ISSUE-70 (CoreSafe): Should CORE be decideable [Core]

ISSUE-70 (CoreSafe): Should CORE be decideable [Core]

http://www.w3.org/2005/rules/wg/track/issues/70

Raised by: Dave Reynolds
On product: Core

Should CORE have some form of safety constraint?

** Why might we want a safety criterion?

If it eases implementation so increasing the number of systems that can be fully conformant with CORE and so inter-operate via it.

For example, some existing systems perform a safety check and so could not implement a CORE that permitted more general rules. 
A concrete example of this is DLV, as discussed in: 
http://lists.w3.org/Archives/Public/public-rif-wg/2008Aug/0052.html

Which classes of potentially unsafe rules can in fact be executed depends upon execution strategy so that permitting such rules may exclude some execution strategies and again limit interchange. See examples are given by Axel in the above email.

** Why might we not want this?

If the safety check itself is hard for developers to understand and implement it may limit up-take. 

If the safety criteria are conservative they may exclude rule sets which are of practical interest for interchange. For example:
   s(?x) :- s(?y), add(?y, 1, ?x), ?x < 10. 
   s(0).
has a finite set of ground entailments implementable by both PRD and BLD systems but fails at least some of the proposed strict safety criteria.

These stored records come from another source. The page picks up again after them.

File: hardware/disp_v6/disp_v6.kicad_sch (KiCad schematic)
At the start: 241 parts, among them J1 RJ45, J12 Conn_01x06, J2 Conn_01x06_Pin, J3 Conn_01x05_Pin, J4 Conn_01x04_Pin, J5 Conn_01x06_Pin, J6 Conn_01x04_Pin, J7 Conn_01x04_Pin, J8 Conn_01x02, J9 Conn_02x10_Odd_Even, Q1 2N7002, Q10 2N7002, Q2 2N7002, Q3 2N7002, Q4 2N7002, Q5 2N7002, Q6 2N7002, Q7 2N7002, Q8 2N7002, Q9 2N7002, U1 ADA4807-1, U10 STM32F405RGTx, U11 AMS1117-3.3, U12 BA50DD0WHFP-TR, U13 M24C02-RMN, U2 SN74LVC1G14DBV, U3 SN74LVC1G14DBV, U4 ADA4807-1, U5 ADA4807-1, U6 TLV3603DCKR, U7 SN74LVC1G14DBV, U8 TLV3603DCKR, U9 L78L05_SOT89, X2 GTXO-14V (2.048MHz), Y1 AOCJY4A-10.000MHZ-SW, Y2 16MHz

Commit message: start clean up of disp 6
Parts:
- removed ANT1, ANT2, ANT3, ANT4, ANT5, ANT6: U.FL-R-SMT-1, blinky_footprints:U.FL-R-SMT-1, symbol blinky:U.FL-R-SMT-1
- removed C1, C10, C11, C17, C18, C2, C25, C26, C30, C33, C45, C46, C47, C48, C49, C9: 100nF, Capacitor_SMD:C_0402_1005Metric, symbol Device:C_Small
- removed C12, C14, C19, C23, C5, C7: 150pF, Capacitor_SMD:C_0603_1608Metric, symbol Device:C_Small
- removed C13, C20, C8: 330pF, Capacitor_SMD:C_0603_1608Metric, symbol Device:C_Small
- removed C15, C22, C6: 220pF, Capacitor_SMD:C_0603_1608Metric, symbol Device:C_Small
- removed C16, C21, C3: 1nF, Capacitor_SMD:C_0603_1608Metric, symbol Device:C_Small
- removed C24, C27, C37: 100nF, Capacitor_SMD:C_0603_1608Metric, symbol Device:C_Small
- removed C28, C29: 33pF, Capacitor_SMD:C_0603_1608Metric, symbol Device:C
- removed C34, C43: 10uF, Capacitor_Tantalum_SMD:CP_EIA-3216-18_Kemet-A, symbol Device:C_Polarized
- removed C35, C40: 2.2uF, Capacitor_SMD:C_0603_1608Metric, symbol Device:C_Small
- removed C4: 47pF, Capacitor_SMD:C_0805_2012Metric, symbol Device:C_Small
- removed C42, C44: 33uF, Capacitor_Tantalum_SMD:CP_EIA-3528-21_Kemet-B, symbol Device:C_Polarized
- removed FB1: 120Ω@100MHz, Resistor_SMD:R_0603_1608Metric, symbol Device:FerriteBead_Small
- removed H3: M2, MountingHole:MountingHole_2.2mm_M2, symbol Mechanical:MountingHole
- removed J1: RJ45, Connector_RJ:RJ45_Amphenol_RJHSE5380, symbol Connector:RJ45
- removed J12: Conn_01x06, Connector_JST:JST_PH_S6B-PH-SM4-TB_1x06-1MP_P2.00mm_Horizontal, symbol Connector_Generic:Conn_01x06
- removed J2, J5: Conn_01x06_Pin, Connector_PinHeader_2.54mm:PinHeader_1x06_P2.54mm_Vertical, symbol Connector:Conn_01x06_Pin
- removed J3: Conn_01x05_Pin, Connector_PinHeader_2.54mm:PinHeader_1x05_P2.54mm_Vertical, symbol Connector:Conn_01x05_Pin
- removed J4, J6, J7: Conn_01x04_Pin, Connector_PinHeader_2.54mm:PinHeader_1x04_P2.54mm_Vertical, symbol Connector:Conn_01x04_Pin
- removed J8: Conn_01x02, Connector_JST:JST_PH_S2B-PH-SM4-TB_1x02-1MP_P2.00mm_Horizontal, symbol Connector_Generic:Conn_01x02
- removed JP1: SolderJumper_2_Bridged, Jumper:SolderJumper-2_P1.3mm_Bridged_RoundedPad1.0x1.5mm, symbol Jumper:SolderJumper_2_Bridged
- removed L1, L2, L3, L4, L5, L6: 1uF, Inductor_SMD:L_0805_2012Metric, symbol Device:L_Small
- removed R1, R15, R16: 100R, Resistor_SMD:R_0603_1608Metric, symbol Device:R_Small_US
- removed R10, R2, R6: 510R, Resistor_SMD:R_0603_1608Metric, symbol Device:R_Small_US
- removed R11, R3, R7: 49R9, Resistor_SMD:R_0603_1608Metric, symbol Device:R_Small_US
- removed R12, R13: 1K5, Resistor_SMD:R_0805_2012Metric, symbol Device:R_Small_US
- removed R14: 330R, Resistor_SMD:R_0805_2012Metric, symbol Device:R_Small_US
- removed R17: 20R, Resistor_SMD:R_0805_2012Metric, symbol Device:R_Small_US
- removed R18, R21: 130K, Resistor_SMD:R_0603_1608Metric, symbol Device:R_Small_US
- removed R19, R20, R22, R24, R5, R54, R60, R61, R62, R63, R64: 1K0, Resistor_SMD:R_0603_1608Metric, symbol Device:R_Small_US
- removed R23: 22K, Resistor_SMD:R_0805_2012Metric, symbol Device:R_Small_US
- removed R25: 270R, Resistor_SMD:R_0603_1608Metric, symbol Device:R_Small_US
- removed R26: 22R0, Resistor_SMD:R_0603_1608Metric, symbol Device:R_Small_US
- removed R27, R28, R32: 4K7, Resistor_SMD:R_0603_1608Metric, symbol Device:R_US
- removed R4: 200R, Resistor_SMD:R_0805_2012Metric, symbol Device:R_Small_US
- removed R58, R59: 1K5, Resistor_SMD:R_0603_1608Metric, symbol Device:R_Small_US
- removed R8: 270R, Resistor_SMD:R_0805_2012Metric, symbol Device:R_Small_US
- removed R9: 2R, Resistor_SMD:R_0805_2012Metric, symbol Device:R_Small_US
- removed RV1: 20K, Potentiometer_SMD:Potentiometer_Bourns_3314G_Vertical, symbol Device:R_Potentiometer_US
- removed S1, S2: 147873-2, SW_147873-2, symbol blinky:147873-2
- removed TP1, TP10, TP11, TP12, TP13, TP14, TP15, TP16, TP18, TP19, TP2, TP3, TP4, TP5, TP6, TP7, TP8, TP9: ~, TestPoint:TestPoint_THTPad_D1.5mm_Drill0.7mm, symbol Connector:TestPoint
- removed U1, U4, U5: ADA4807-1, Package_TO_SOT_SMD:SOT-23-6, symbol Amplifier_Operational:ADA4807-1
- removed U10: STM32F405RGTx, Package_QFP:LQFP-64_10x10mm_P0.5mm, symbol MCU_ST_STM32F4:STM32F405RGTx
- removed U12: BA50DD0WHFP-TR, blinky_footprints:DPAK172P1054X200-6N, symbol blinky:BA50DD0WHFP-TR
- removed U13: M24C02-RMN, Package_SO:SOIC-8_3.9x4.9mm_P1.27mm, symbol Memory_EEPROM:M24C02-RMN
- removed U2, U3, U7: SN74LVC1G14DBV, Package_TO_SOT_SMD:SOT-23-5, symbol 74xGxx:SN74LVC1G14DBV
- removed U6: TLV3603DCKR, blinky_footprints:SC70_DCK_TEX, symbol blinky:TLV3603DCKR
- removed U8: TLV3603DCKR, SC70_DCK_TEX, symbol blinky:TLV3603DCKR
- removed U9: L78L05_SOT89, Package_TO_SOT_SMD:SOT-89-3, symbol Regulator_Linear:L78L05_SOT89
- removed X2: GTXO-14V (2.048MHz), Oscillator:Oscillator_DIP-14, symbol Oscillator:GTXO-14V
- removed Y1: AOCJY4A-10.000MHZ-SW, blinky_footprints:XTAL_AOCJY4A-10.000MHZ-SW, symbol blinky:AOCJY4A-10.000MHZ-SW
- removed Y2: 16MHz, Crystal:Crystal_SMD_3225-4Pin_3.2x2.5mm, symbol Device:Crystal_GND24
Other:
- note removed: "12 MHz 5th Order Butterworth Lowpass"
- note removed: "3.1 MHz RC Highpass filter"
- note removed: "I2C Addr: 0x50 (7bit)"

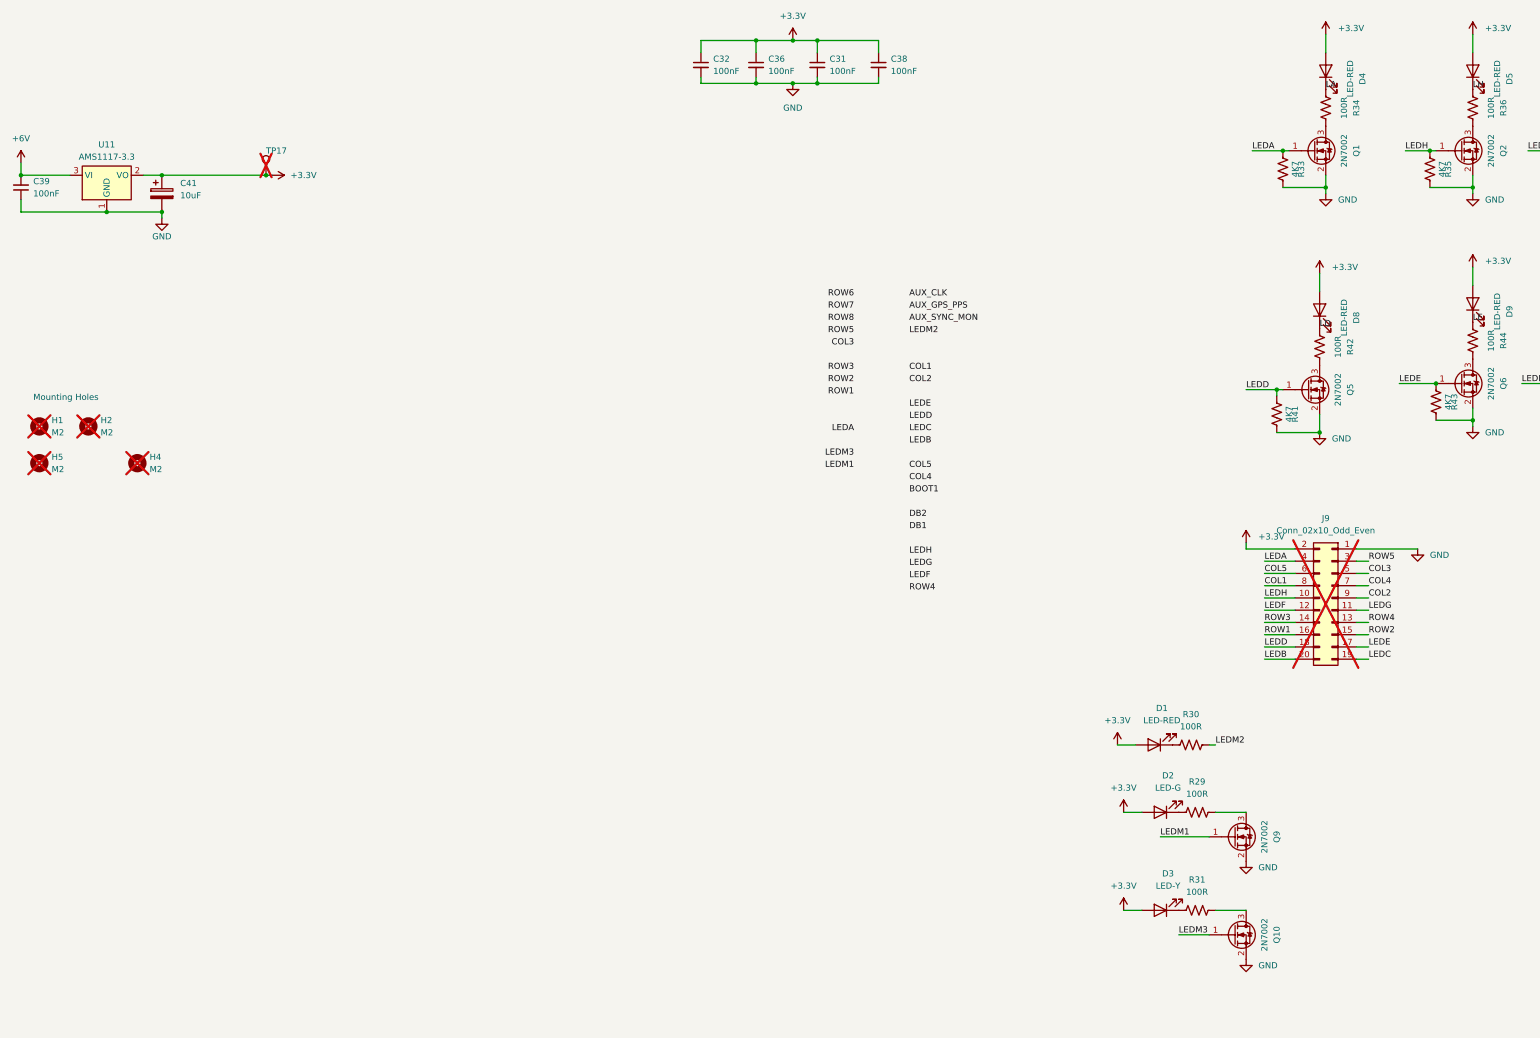
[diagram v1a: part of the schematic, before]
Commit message: first route of disp board
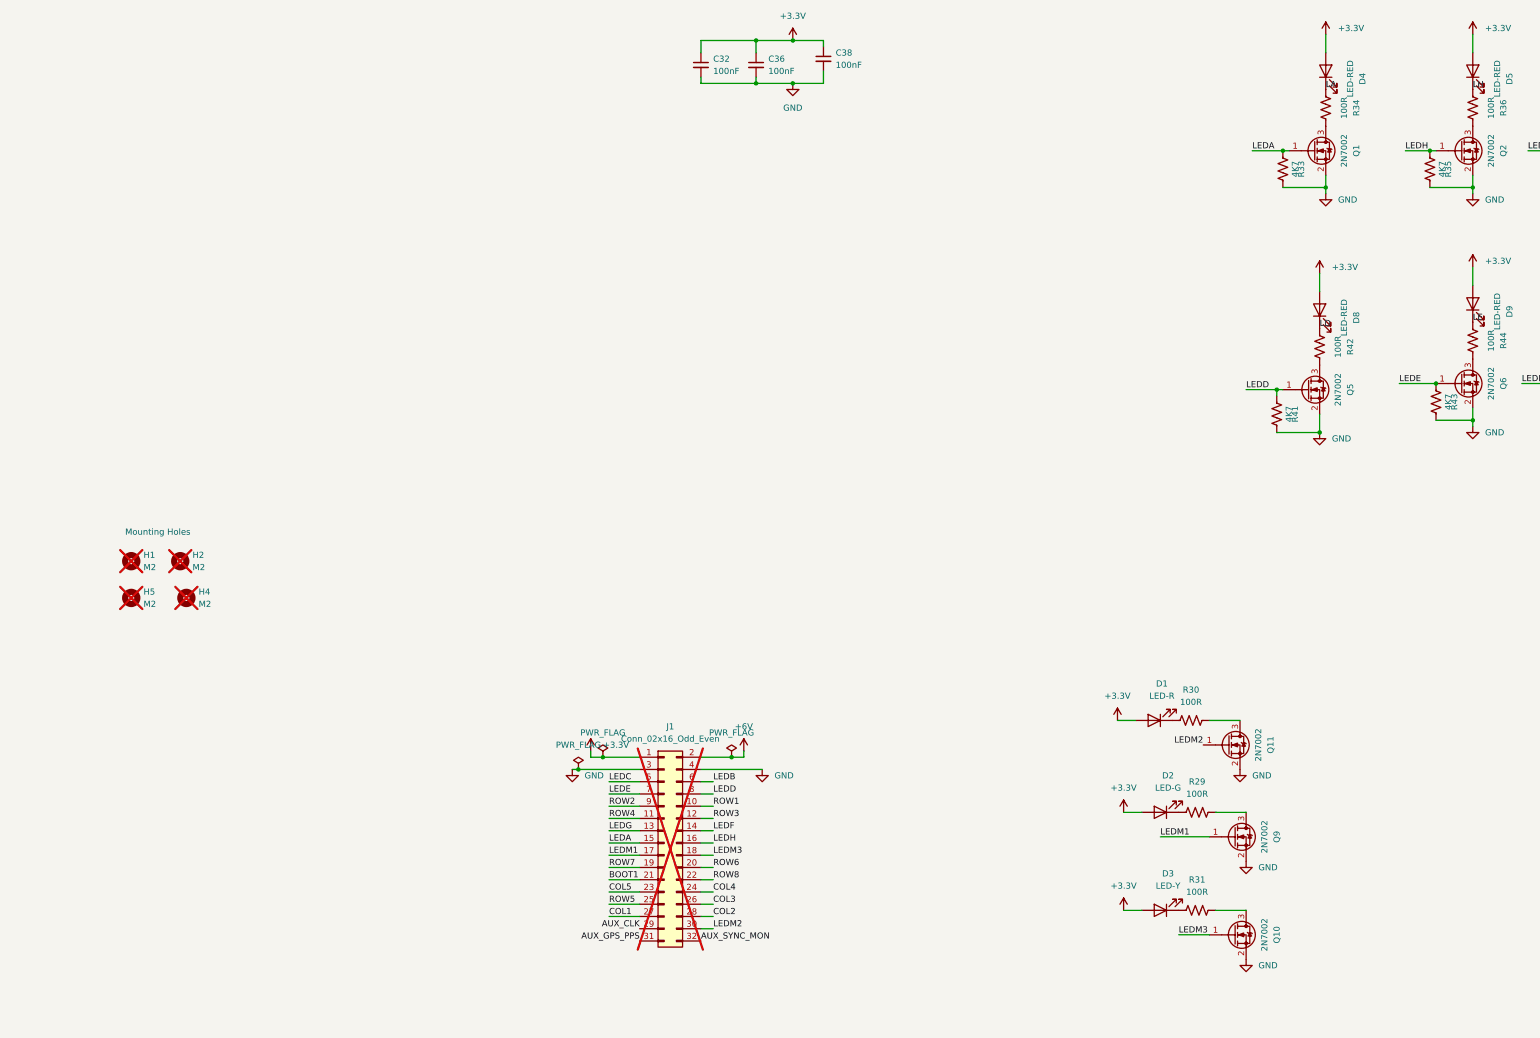
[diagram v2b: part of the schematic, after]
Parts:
- removed C31, C39: 100nF, Capacitor_SMD:C_0402_1005Metric, symbol Device:C_Small
- removed C41: 10uF, Capacitor_Tantalum_SMD:CP_EIA-3216-18_Kemet-A, symbol Device:C_Polarized
- removed J9: Conn_02x10_Odd_Even, Connector_PinHeader_2.54mm:PinHeader_2x10_P2.54mm_Vertical, symbol Connector_Generic:Conn_02x10_Odd_Even
- removed TP17: ~, TestPoint:TestPoint_THTPad_D1.5mm_Drill0.7mm, symbol Connector:TestPoint
- removed U11: AMS1117-3.3, Package_TO_SOT_SMD:SOT-223-3_TabPin2, symbol Regulator_Linear:AMS1117-3.3
- added J1: Conn_02x16_Odd_Even, Connector_PinHeader_2.54mm:PinHeader_2x16_P2.54mm_Vertical, symbol Connector_Generic:Conn_02x16_Odd_Even
- added Q11: 2N7002, Package_TO_SOT_SMD:SOT-23, symbol Transistor_FET:2N7002
- D1: value LED-RED -> LED-R
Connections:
- net +3.3V: now also J1.1 (Pin_1)
- net +6V: now also J1.2 (Pin_2)
- net AUX_CLK: now also J1.29 (Pin_29)
- net AUX_GPS_PPS: now also J1.31 (Pin_31)
- net AUX_SYNC_MON: now also J1.32 (Pin_32)
- net BOOT1: now also J1.21 (Pin_21)
- net COL1: now also J1.27 (Pin_27)
- net COL2: now also J1.28 (Pin_28)
- net COL3: now also J1.26 (Pin_26)
- net COL4: now also J1.24 (Pin_24)
- net COL5: now also J1.23 (Pin_23)
- net GND: now also J1.3 (Pin_3), J1.4 (Pin_4), Q11.2 (S)
- net LEDA: now also J1.15 (Pin_15)
- net LEDB: now also J1.6 (Pin_6)
- net LEDC: now also J1.5 (Pin_5)
- net LEDD: now also J1.8 (Pin_8)
- net LEDE: now also J1.7 (Pin_7)
- net LEDF: now also J1.14 (Pin_14)
- net LEDG: now also J1.13 (Pin_13)
- net LEDH: now also J1.16 (Pin_16)
- net LEDM1: now also J1.17 (Pin_17)
- net LEDM2: now also J1.30 (Pin_30), Q11.1 (G); no longer R30.2
- net LEDM3: now also J1.18 (Pin_18)
- net ROW1: now also J1.10 (Pin_10)
- net ROW2: now also J1.9 (Pin_9)
- net ROW3: now also J1.12 (Pin_12)
- net ROW4: now also J1.11 (Pin_11)
- net ROW5: now also J1.25 (Pin_25)
- net ROW6: now also J1.20 (Pin_20)
- net ROW7: now also J1.19 (Pin_19)
- net ROW8: now also J1.22 (Pin_22)
- new net: Q11.3 (D), R30.2
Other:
- moved on the sheet: C38, D1, H1, H2, H4, H5, R30

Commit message: reduce schematic paper size
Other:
- title: Blinky V4 -> Disp V6
- moved on the sheet: C32, C36, C38, D1, D10, D11, D12, D13, D14, D15, D16, D17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

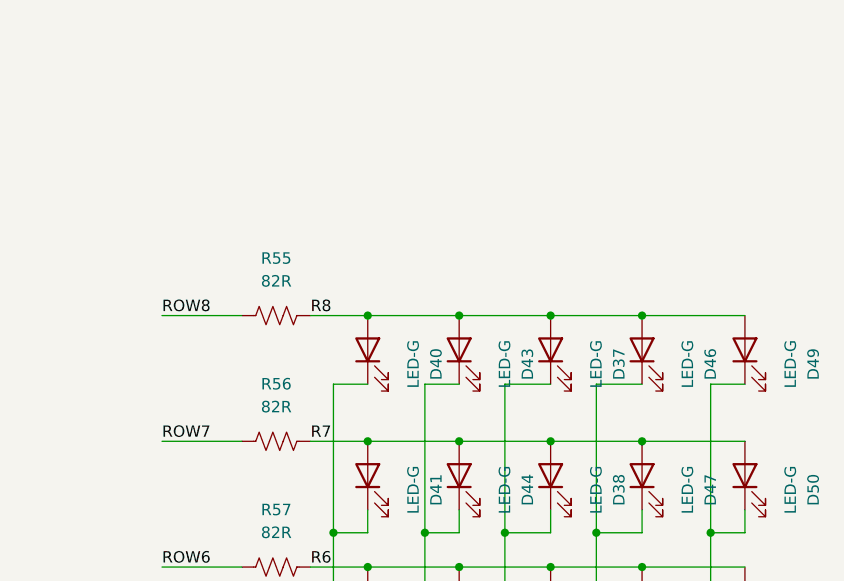
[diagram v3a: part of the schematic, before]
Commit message: add two more rows of grid lights
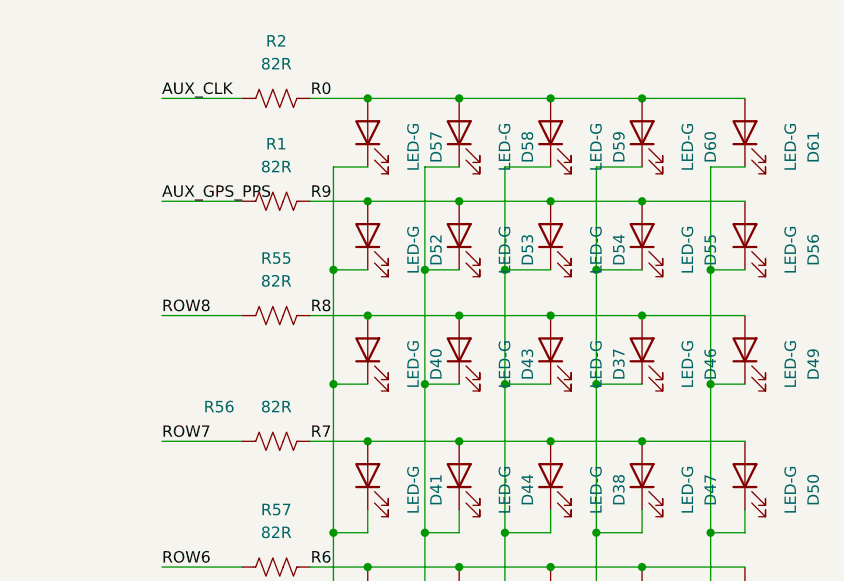
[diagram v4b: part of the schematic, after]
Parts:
- added D52, D53, D54, D55, D56, D57, D58, D59, D60, D61: LED-G, LED_SMD:LED_0603_1608Metric, symbol Device:LED
- added R1, R2: 82R, Resistor_SMD:R_0603_1608Metric, symbol Device:R_US
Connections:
- net AUX_CLK: now also R2.2
- net AUX_GPS_PPS: now also R1.2
- net COL1: now also D52.1 (K), D57.1 (K)
- net COL2: now also D53.1 (K), D58.1 (K)
- net COL3: now also D54.1 (K), D59.1 (K)
- net COL4: now also D55.1 (K), D60.1 (K)
- net COL5: now also D56.1 (K), D61.1 (K)
- new net R0: D57.2 (A), D58.2 (A), D59.2 (A), D60.2 (A), D61.2 (A), R2.1
- new net R9: D52.2 (A), D53.2 (A), D54.2 (A), D55.2 (A), D56.2 (A), R1.1

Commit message: dreive new ros off of boot0 boot1
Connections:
- net AUX_GPS_PPS: no longer R1.2
- net BOOT1: now also R1.2
- net AUX_CLK renamed BOOT0
- net AUX_SYNC_MON renamed GPS_PPS
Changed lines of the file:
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@@
     (effects (font (size 1.27 1.27)) (justify left bottom))
   )
-  (label "AUX_CLK" (at 33.02 59.69 180) (fields_autoplaced)
+  (label "BOOT0" (at 33.02 59.69 180) (fields_autoplaced)
     (effects (font (size 1.27 1.27)) (justify right bottom))
   )
-  (label "AUX_CLK" (at 171.45 25.4 0) (fields_autoplaced)
+  (label "BOOT0" (at 171.45 25.4 0) (fields_autoplaced)
     (effects (font (size 1.27 1.27)) (justify left bottom))
   )
@@
     (effects (font (size 1.27 1.27)) (justify left bottom))
   )
-  (label "AUX_GPS_PPS" (at 171.45 36.83 0) (fields_autoplaced)
+  (label "BOOT1" (at 171.45 36.83 0) (fields_autoplaced)
     (effects (font (size 1.27 1.27)) (justify left bottom))
   )
@@
     (effects (font (size 1.27 1.27)) (justify left bottom))
   )
-  (label "AUX_SYNC_MON" (at 45.72 62.23 0) (fields_autoplaced)
+  (label "GPS_PPS" (at 45.72 62.23 0) (fields_autoplaced)
     (effects (font (size 1.27 1.27)) (justify left bottom))
   )

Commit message: update rotations
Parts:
- C32, C36, C38: JLCPCB Part # (none) -> C307331; LCSC C307331 -> (none)
- D1: JLCPCB Part # (none) -> C94869; LCSC C94869 -> (none)
- D10, D11, D4, D5, D6, D7, D8, D9: value LED-RED -> LED-R; JLCPCB Part # (none) -> C94869; LCSC C94869 -> (none)
- D12, D13, D14, D15, D16, D17, D18, D19, D2, D20, D21, D22, D23, D24, D25, D26, D27, D28, D29, D30, D31, D32, D33, D34, D35, D36, D37, D38, D39, D40, D41, D42, D43, D44, D45, D46, D47, D48, D49, D50, D51, D52, D53, D54, D55, D56, D57, D58, D59, D60, D61: JLCPCB Part # (none) -> C125093; LCSC C125093 -> (none)
- D3: JLCPCB Part # (none) -> C72038; LCSC C72038 -> (none)
- Q1, Q10, Q11, Q2, Q3, Q4, Q5, Q6, Q7, Q8, Q9: JLCPCB Part # (none) -> C8545; JLCPCB Rotation Offset (none) -> 180; LCSC C8545 -> (none)
- R1, R2, R49, R50, R51, R52, R53, R55, R56, R57: JLCPCB Part # (none) -> C23255; LCSC C23255 -> (none)
- R29, R30, R31, R34, R36, R38, R40, R42, R44, R46, R48: JLCPCB Part # (none) -> C22775; LCSC C22775 -> (none)
- R33, R35, R37, R39, R41, R43, R45, R47: JLCPCB Part # (none) -> C23162; LCSC C23162 -> (none)

** Solution approaches mentioned so far:

(a) Yes. Define a strict safety criteria such as domain-safety as suggested by Jos in: 
http://lists.w3.org/Archives/Public/public-rif-wg/2008Aug/0026.html

(b) Yes. Restrict use of builtins to non-recursive safe bindings as proposed by Axel in:
http://lists.w3.org/Archives/Public/public-rif-wg/2008Aug/0028.html
http://lists.w3.org/Archives/Public/public-rif-wg/2008Aug/0052.html

(c) No safety constraint.  But limit the conformance requirement. For example define conformance only over ground entailments of rulesets for which that is finite. 

(d) No safety constraint, no conformance limitation.